§ **WHAT THE TASK ASKS**:
With the first line as the start and the line containing "Ki_Preg = 1.0" as the end, write out every line of the records exactly.

--- DATA RECORDS ---

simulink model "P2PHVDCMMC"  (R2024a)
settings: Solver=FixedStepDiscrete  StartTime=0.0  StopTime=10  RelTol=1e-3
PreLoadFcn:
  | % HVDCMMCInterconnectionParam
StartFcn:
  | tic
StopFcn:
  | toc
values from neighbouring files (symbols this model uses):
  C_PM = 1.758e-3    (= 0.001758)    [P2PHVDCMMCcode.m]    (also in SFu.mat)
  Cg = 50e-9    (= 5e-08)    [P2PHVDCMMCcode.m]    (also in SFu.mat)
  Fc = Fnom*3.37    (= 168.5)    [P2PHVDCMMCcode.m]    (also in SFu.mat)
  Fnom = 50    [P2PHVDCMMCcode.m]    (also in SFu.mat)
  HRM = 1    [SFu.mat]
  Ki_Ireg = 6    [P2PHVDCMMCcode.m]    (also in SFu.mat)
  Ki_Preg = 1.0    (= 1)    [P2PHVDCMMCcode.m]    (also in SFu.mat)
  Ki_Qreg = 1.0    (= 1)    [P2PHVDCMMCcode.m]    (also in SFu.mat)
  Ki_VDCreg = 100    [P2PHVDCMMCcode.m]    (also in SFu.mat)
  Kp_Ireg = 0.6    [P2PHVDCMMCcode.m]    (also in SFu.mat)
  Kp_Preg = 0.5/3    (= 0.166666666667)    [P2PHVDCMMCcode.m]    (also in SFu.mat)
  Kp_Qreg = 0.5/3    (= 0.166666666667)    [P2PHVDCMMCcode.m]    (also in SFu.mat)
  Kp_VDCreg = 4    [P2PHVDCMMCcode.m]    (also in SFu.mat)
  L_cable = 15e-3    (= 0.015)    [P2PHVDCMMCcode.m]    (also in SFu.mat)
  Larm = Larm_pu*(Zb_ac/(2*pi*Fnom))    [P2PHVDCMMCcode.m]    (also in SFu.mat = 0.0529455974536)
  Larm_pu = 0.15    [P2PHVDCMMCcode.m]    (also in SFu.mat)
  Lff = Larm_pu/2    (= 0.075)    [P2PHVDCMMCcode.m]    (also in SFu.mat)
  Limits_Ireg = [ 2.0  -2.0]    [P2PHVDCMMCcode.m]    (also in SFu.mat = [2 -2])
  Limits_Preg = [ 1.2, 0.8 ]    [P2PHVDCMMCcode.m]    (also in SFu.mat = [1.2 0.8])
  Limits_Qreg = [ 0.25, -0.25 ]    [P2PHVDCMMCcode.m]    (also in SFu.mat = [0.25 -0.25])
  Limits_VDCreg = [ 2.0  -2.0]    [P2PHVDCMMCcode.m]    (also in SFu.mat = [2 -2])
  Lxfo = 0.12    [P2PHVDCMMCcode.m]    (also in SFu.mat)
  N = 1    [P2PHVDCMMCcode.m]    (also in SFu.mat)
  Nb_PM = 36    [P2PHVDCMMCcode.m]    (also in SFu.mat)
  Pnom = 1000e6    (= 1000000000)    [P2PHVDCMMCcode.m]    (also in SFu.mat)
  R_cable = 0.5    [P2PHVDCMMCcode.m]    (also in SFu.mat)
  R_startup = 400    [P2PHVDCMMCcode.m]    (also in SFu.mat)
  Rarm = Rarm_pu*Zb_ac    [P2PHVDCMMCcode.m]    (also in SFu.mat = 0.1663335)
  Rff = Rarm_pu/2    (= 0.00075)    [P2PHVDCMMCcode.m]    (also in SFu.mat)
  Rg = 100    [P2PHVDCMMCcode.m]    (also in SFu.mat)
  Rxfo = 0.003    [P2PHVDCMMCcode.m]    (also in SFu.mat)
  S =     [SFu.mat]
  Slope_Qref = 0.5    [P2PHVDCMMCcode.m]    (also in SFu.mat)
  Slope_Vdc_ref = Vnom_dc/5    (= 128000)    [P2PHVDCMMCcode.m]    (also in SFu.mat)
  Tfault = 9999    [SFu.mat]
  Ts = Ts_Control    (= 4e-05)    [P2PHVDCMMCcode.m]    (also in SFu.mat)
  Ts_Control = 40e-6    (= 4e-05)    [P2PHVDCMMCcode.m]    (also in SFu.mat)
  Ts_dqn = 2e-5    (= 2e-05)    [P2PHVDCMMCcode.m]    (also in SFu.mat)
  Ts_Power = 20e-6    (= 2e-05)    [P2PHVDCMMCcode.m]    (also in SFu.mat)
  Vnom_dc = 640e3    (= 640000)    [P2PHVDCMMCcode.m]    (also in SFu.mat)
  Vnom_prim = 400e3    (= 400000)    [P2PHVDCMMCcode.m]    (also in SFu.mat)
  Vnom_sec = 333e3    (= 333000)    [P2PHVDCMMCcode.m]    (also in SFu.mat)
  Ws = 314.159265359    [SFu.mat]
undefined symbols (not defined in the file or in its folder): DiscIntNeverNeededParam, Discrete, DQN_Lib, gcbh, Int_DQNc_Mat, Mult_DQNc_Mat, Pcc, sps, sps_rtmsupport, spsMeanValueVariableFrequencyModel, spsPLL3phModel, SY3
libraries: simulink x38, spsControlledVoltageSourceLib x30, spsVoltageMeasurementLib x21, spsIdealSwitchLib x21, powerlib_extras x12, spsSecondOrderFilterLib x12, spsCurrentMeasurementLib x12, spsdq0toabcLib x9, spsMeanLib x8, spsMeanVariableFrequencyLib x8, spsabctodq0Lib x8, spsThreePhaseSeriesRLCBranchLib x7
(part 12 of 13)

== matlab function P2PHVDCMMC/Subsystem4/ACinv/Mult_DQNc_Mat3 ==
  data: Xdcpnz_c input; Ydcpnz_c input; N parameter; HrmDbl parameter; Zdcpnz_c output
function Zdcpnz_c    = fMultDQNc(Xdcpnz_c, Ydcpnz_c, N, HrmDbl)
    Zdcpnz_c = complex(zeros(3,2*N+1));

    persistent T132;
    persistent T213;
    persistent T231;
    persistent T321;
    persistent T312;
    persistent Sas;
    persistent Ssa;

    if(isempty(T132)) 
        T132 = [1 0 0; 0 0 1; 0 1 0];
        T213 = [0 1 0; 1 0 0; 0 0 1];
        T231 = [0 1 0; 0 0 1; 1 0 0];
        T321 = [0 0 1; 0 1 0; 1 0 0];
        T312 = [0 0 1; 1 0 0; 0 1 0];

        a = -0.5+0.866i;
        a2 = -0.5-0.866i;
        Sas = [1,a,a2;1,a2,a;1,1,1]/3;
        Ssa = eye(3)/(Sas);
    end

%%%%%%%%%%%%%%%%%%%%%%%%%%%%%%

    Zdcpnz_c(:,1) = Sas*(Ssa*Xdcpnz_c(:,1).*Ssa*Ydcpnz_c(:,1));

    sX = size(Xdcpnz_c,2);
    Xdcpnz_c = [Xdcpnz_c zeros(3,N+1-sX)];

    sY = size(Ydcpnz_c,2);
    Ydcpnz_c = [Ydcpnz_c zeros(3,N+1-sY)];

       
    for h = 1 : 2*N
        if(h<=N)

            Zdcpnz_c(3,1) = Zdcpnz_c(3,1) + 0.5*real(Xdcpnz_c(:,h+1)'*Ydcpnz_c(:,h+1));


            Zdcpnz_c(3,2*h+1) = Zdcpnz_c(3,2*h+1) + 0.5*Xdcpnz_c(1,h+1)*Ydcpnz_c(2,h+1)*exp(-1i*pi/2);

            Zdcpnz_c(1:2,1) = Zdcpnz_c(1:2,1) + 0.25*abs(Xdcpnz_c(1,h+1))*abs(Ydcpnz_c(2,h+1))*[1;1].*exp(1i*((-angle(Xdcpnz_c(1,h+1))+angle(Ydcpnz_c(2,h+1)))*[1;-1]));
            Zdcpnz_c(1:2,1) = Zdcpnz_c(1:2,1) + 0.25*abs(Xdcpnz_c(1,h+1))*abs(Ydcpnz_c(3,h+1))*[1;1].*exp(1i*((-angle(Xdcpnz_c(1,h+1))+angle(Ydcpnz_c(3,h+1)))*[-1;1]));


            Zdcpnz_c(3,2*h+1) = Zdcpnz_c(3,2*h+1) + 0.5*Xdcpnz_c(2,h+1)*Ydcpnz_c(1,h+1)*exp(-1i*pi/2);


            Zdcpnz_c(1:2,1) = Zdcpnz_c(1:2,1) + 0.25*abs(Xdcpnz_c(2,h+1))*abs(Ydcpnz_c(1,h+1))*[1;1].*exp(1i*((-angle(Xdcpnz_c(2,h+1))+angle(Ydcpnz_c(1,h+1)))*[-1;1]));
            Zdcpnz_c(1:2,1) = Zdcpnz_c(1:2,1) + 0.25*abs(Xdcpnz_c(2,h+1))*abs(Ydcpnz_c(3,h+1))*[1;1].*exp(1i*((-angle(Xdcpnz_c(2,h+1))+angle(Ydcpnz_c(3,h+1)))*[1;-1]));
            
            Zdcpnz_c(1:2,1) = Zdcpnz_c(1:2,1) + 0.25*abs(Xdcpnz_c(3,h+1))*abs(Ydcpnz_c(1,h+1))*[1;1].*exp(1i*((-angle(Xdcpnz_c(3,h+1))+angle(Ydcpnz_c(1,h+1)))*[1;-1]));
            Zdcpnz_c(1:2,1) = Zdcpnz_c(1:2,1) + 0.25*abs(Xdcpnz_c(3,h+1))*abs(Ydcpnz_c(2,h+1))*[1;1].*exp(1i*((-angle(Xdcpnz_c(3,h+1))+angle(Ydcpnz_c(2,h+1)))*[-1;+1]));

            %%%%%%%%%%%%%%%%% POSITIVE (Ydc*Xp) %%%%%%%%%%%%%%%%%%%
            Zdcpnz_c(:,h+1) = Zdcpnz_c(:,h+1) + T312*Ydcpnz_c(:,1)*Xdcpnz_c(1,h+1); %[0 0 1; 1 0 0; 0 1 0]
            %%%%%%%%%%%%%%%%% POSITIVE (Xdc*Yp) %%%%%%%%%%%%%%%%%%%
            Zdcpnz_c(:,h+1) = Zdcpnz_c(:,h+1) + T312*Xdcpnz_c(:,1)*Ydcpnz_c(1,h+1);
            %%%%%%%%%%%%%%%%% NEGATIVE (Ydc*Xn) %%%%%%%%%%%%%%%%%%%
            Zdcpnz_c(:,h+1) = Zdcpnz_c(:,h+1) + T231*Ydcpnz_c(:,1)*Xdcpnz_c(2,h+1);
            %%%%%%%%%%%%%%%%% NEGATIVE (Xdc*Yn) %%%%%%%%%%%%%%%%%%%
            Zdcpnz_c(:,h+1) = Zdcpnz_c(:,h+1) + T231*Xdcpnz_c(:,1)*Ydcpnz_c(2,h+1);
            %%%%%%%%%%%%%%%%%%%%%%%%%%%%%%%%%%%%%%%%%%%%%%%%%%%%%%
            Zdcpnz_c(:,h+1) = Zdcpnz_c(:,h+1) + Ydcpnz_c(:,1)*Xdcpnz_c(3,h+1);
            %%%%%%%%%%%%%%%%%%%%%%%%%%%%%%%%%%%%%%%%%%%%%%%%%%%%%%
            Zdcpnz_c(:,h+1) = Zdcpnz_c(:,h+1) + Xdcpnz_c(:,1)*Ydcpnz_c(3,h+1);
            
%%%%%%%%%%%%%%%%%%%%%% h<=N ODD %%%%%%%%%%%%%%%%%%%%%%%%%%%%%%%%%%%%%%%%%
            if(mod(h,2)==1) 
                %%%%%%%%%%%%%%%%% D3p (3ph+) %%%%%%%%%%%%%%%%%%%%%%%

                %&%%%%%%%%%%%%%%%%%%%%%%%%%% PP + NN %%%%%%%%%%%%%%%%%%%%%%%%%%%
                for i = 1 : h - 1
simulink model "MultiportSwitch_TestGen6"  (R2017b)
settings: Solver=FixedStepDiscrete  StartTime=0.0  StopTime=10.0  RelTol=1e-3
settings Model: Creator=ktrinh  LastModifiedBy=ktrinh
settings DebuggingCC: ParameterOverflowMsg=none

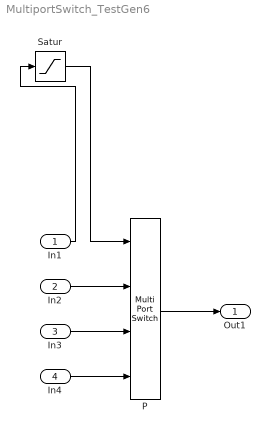
== system MultiportSwitch_TestGen6 ==
  In1 : Inport  OutMin=0  OutMax=2
  In2 : Inport  Port=2  PortDimensions=[2,3]
  In3 : Inport  Port=3  PortDimensions=[2,3]
  In4 : Inport  Port=4  PortDimensions=[2,3]
  P : MultiPortSwitch  DataPortOrder=Zero-based contiguous  Inputs=2  DataPortForDefault=Additional data port
  Satur : Saturate  UpperLimit=2  LowerLimit=0
  Out1 : Outport
  wires:
  In2/1 -> P/2
  In3/1 -> P/3
  In4/1 -> P/4
  P/1 -> Out1/1
  In1/1 -> Satur/1
  Satur/1 -> P/1
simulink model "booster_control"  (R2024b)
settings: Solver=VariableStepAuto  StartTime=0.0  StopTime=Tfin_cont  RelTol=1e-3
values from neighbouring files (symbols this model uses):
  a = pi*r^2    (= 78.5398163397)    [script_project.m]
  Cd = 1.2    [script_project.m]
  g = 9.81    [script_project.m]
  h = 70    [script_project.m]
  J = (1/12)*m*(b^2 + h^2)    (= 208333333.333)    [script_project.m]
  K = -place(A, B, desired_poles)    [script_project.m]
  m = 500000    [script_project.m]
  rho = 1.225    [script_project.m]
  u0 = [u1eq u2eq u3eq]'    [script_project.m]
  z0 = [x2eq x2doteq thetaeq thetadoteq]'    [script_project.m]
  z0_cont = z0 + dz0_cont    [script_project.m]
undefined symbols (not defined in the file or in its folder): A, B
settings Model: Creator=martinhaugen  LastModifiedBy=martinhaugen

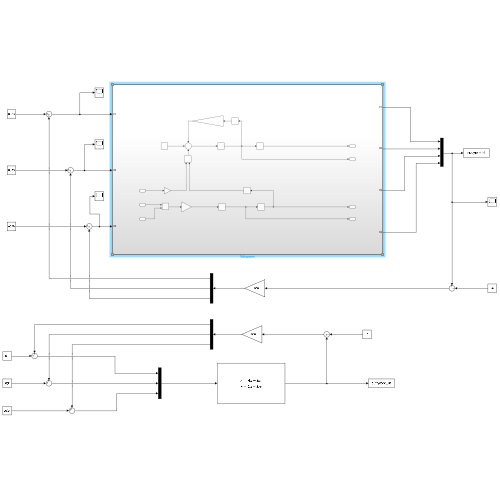
[thumbnail: Simulink's stored preview of the top-level diagram]
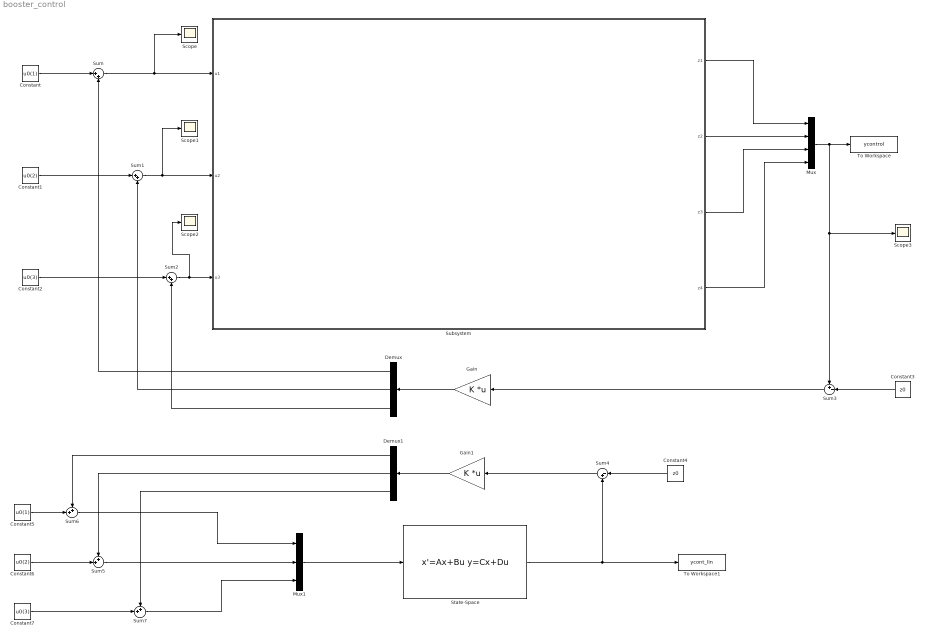
== system booster_control ==
  Constant : Constant  Value=u0(1)
  Constant1 : Constant  Value=u0(2)
  Constant2 : Constant  Value=u0(3)
  Constant3 : Constant  Value=z0
  Constant4 : Constant  Value=z0
  Constant5 : Constant  Value=u0(1)
  Constant6 : Constant  Value=u0(2)
  Constant7 : Constant  Value=u0(3)
  Demux : Demux  Outputs=3
  Demux1 : Demux  Outputs=3
  Gain : Gain  Gain=K  Multiplication=Matrix(K*u)
  Gain1 : Gain  Gain=K  Multiplication=Matrix(K*u)
  Mux : Mux
  Mux1 : Mux  Inputs=3
  Scope{,1..3} (4 alike) : Scope
  State-Space : StateSpace  A=A  B=B  C=[1 0 0 0; 0 1 0 0; 0 0 1 0; 0 0 0 1]  D=[0 0 0; 0 0 0; 0 0 0; 0 0 0]  InitialCondition=z0_cont
  Subsystem : Subsystem
  Sum : Sum  Inputs=|++
  Sum1 : Sum  Inputs=|++
  Sum2 : Sum  Inputs=|++
  Sum3 : Sum  Inputs=+-|
  Sum4 : Sum  Inputs=|-+
  Sum5 : Sum  Inputs=++|
  Sum6 : Sum  Inputs=++|
  Sum7 : Sum  Inputs=++|
  To Workspace : ToWorkspace  VariableName=ycontrol  SaveFormat=Timeseries  SampleTime=-1
  To Workspace1 : ToWorkspace  VariableName=ycont_lin  SaveFormat=Timeseries  SampleTime=-1
  wires:
  Subsystem/1(z1) -> Mux/1
  Mux/1 -> To Workspace/1, Sum3/1, Scope3/1
  Subsystem/2(z2) -> Mux/2
  Subsystem/3(z3) -> Mux/3
  Subsystem/4(z4) -> Mux/4
  Gain/1 -> Demux/1
  Demux/1 -> Sum/2
  Constant/1 -> Sum/1
  Sum/1 -> Scope/1, Subsystem/1(u1)
  Constant1/1 -> Sum1/1
  Demux/2 -> Sum1/2
  Sum1/1 -> Scope1/1, Subsystem/2(u2)
  Constant2/1 -> Sum2/1
  Sum2/1 -> Subsystem/3(u3), Scope2/1
  Demux/3 -> Sum2/2
  Sum3/1 -> Gain/1
  Constant3/1 -> Sum3/2
  Mux1/1 -> State-Space/1
  State-Space/1 -> To Workspace1/1, Sum4/2
  Gain1/1 -> Demux1/1
  Demux1/1 -> Sum6/1
  Demux1/2 -> Sum5/1
  Demux1/3 -> Sum7/1
  Constant5/1 -> Sum6/2
  Constant6/1 -> Sum5/2
  Constant7/1 -> Sum7/2
  Sum6/1 -> Mux1/1
  Sum5/1 -> Mux1/2
  Sum7/1 -> Mux1/3
  Sum4/1 -> Gain1/1
  Constant4/1 -> Sum4/1

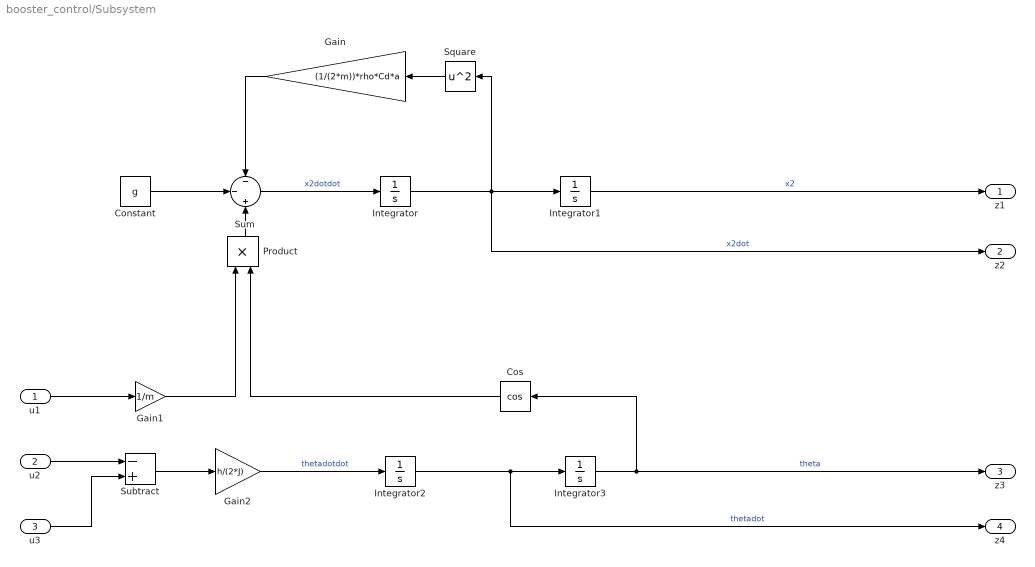
== system booster_control/Subsystem ==
  u1 : Inport
  u2 : Inport  Port=2
  u3 : Inport  Port=3
  Constant : Constant  Value=g
  Cos : Trigonometry  Operator=cos
  Gain : Gain  Gain=(1/(2*m))*rho*Cd*a
  Gain1 : Gain  Gain=1/m
  Gain2 : Gain  Gain=h/(2*J)
  Integrator : Integrator  InitialCondition=z0_cont(2)  ContinuousStateAttributes='z2'
  Integrator1 : Integrator  InitialCondition=z0_cont(1)  ContinuousStateAttributes='z1'
  Integrator2 : Integrator  InitialCondition=z0_cont(4)  ContinuousStateAttributes='z4'
  Integrator3 : Integrator  InitialCondition=z0_cont(3)  ContinuousStateAttributes='z3'
  Product : Product
  Square : Math  Operator=square
  Subtract : Sum  Inputs=-+
  Sum : Sum  Inputs=-|-|+
  z1 : Outport
  z2 : Outport  Port=2
  z3 : Outport  Port=3
  z4 : Outport  Port=4
  wires:
  u2/1 -> Subtract/1
  Constant/1 -> Sum/2
  Square/1 -> Gain/1
  Product/1 -> Sum/3
  Subtract/1 -> Gain2/1
  Integrator/1 -> z2/1, Integrator1/1, Square/1  "x2dot"
  Gain2/1 -> Integrator2/1  "thetadotdot"
  Cos/1 -> Product/2
  u3/1 -> Subtract/2
  Integrator2/1 -> z4/1, Integrator3/1  "thetadot"
  u1/1 -> Gain1/1
  Gain/1 -> Sum/1
  Sum/1 -> Integrator/1  "x2dotdot"
  Gain1/1 -> Product/1
  Integrator3/1 -> z3/1, Cos/1  "theta"
  Integrator1/1 -> z1/1  "x2"

---

§ **OUTPUT OF THE EXERCISE**:
simulink model "P2PHVDCMMC"  (R2024a)
settings: Solver=FixedStepDiscrete  StartTime=0.0  StopTime=10  RelTol=1e-3
PreLoadFcn:
  | % HVDCMMCInterconnectionParam
StartFcn:
  | tic
StopFcn:
  | toc
values from neighbouring files (symbols this model uses):
  C_PM = 1.758e-3    (= 0.001758)    [P2PHVDCMMCcode.m]    (also in SFu.mat)
  Cg = 50e-9    (= 5e-08)    [P2PHVDCMMCcode.m]    (also in SFu.mat)
  Fc = Fnom*3.37    (= 168.5)    [P2PHVDCMMCcode.m]    (also in SFu.mat)
  Fnom = 50    [P2PHVDCMMCcode.m]    (also in SFu.mat)
  HRM = 1    [SFu.mat]
  Ki_Ireg = 6    [P2PHVDCMMCcode.m]    (also in SFu.mat)
  Ki_Preg = 1.0    (= 1)    [P2PHVDCMMCcode.m]    (also in SFu.mat)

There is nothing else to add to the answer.